* EXERCISE INSTRUCTIONS:
The expected answer is the data below, retyped exactly.

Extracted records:

____

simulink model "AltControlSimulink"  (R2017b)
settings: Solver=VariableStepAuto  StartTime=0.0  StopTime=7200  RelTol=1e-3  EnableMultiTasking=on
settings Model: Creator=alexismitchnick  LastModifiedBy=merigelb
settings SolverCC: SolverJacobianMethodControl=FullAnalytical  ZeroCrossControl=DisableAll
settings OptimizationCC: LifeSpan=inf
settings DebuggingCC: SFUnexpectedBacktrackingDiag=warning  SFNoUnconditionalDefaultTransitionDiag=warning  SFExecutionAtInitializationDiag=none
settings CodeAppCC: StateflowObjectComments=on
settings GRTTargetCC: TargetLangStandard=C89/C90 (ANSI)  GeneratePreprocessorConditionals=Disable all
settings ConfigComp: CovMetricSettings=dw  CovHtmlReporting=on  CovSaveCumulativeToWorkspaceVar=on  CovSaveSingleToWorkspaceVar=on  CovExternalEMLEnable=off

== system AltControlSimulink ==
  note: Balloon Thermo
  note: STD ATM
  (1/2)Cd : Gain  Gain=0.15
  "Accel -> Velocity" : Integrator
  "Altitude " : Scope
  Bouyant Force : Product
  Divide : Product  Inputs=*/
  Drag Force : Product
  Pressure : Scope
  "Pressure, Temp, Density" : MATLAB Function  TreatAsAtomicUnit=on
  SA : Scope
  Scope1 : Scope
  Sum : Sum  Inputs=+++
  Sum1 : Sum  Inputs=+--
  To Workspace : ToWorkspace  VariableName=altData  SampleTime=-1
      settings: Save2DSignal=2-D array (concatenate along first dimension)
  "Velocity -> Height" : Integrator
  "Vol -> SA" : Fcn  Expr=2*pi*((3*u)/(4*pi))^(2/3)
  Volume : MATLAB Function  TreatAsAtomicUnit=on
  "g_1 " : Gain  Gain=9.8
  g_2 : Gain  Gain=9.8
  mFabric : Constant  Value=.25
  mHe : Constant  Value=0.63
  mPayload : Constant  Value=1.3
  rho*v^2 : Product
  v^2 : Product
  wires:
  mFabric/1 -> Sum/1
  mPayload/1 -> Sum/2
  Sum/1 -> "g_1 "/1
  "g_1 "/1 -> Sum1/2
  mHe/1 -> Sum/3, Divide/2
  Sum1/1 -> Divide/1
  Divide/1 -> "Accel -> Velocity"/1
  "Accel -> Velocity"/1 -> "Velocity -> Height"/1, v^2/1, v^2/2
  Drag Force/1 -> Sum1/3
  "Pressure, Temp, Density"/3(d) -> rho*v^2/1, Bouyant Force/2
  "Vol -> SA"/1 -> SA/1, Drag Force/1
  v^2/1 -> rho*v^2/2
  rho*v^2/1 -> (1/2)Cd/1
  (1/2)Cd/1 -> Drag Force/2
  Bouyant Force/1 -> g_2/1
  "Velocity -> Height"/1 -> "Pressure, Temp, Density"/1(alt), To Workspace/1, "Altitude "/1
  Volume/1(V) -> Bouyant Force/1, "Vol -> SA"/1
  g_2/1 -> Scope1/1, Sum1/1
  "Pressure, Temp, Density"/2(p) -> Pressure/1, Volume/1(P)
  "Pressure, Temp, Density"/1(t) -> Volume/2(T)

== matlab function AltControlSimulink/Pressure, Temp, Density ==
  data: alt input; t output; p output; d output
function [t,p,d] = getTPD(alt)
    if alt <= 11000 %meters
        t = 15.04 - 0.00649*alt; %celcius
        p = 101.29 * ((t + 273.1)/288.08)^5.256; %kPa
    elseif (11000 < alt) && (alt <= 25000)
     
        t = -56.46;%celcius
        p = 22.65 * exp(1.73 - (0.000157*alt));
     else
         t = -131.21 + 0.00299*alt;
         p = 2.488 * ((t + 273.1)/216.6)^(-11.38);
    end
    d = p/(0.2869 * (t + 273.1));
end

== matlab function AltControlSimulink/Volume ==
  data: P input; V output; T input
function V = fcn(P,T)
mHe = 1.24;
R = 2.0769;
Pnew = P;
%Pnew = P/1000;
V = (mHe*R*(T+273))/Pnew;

____

* YOUR SOLUTION:
simulink model "AltControlSimulink"  (R2017b)
settings: Solver=VariableStepAuto  StartTime=0.0  StopTime=7200  RelTol=1e-3  EnableMultiTasking=on
settings Model: Creator=alexismitchnick  LastModifiedBy=merigelb
settings SolverCC: SolverJacobianMethodControl=FullAnalytical  ZeroCrossControl=DisableAll
settings OptimizationCC: LifeSpan=inf
settings DebuggingCC: SFUnexpectedBacktrackingDiag=warning  SFNoUnconditionalDefaultTransitionDiag=warning  SFExecutionAtInitializationDiag=none
settings CodeAppCC: StateflowObjectComments=on
settings GRTTargetCC: TargetLangStandard=C89/C90 (ANSI)  GeneratePreprocessorConditionals=Disable all
settings ConfigComp: CovMetricSettings=dw  CovHtmlReporting=on  CovSaveCumulativeToWorkspaceVar=on  CovSaveSingleToWorkspaceVar=on  CovExternalEMLEnable=off

== system AltControlSimulink ==
  note: Balloon Thermo
  note: STD ATM
  (1/2)Cd : Gain  Gain=0.15
  "Accel -> Velocity" : Integrator
  "Altitude " : Scope
  Bouyant Force : Product
  Divide : Product  Inputs=*/
  Drag Force : Product
  Pressure : Scope
  "Pressure, Temp, Density" : MATLAB Function  TreatAsAtomicUnit=on
  SA : Scope
  Scope1 : Scope
  Sum : Sum  Inputs=+++
  Sum1 : Sum  Inputs=+--
  To Workspace : ToWorkspace  VariableName=altData  SampleTime=-1
      settings: Save2DSignal=2-D array (concatenate along first dimension)
  "Velocity -> Height" : Integrator
  "Vol -> SA" : Fcn  Expr=2*pi*((3*u)/(4*pi))^(2/3)
  Volume : MATLAB Function  TreatAsAtomicUnit=on
  "g_1 " : Gain  Gain=9.8
  g_2 : Gain  Gain=9.8
  mFabric : Constant  Value=.25
  mHe : Constant  Value=0.63
  mPayload : Constant  Value=1.3
  rho*v^2 : Product
  v^2 : Product
  wires:
  mFabric/1 -> Sum/1
  mPayload/1 -> Sum/2
  Sum/1 -> "g_1 "/1
  "g_1 "/1 -> Sum1/2
  mHe/1 -> Sum/3, Divide/2
  Sum1/1 -> Divide/1
  Divide/1 -> "Accel -> Velocity"/1
  "Accel -> Velocity"/1 -> "Velocity -> Height"/1, v^2/1, v^2/2
  Drag Force/1 -> Sum1/3
  "Pressure, Temp, Density"/3(d) -> rho*v^2/1, Bouyant Force/2
  "Vol -> SA"/1 -> SA/1, Drag Force/1
  v^2/1 -> rho*v^2/2
  rho*v^2/1 -> (1/2)Cd/1
  (1/2)Cd/1 -> Drag Force/2
  Bouyant Force/1 -> g_2/1
  "Velocity -> Height"/1 -> "Pressure, Temp, Density"/1(alt), To Workspace/1, "Altitude "/1
  Volume/1(V) -> Bouyant Force/1, "Vol -> SA"/1
  g_2/1 -> Scope1/1, Sum1/1
  "Pressure, Temp, Density"/2(p) -> Pressure/1, Volume/1(P)
  "Pressure, Temp, Density"/1(t) -> Volume/2(T)

== matlab function AltControlSimulink/Pressure, Temp, Density ==
  data: alt input; t output; p output; d output
function [t,p,d] = getTPD(alt)
    if alt <= 11000 %meters
        t = 15.04 - 0.00649*alt; %celcius
        p = 101.29 * ((t + 273.1)/288.08)^5.256; %kPa
    elseif (11000 < alt) && (alt <= 25000)
     
        t = -56.46;%celcius
        p = 22.65 * exp(1.73 - (0.000157*alt));
     else
         t = -131.21 + 0.00299*alt;
         p = 2.488 * ((t + 273.1)/216.6)^(-11.38);
    end
    d = p/(0.2869 * (t + 273.1));
end

== matlab function AltControlSimulink/Volume ==
  data: P input; V output; T input
function V = fcn(P,T)
mHe = 1.24;
R = 2.0769;
Pnew = P;
%Pnew = P/1000;
V = (mHe*R*(T+273))/Pnew;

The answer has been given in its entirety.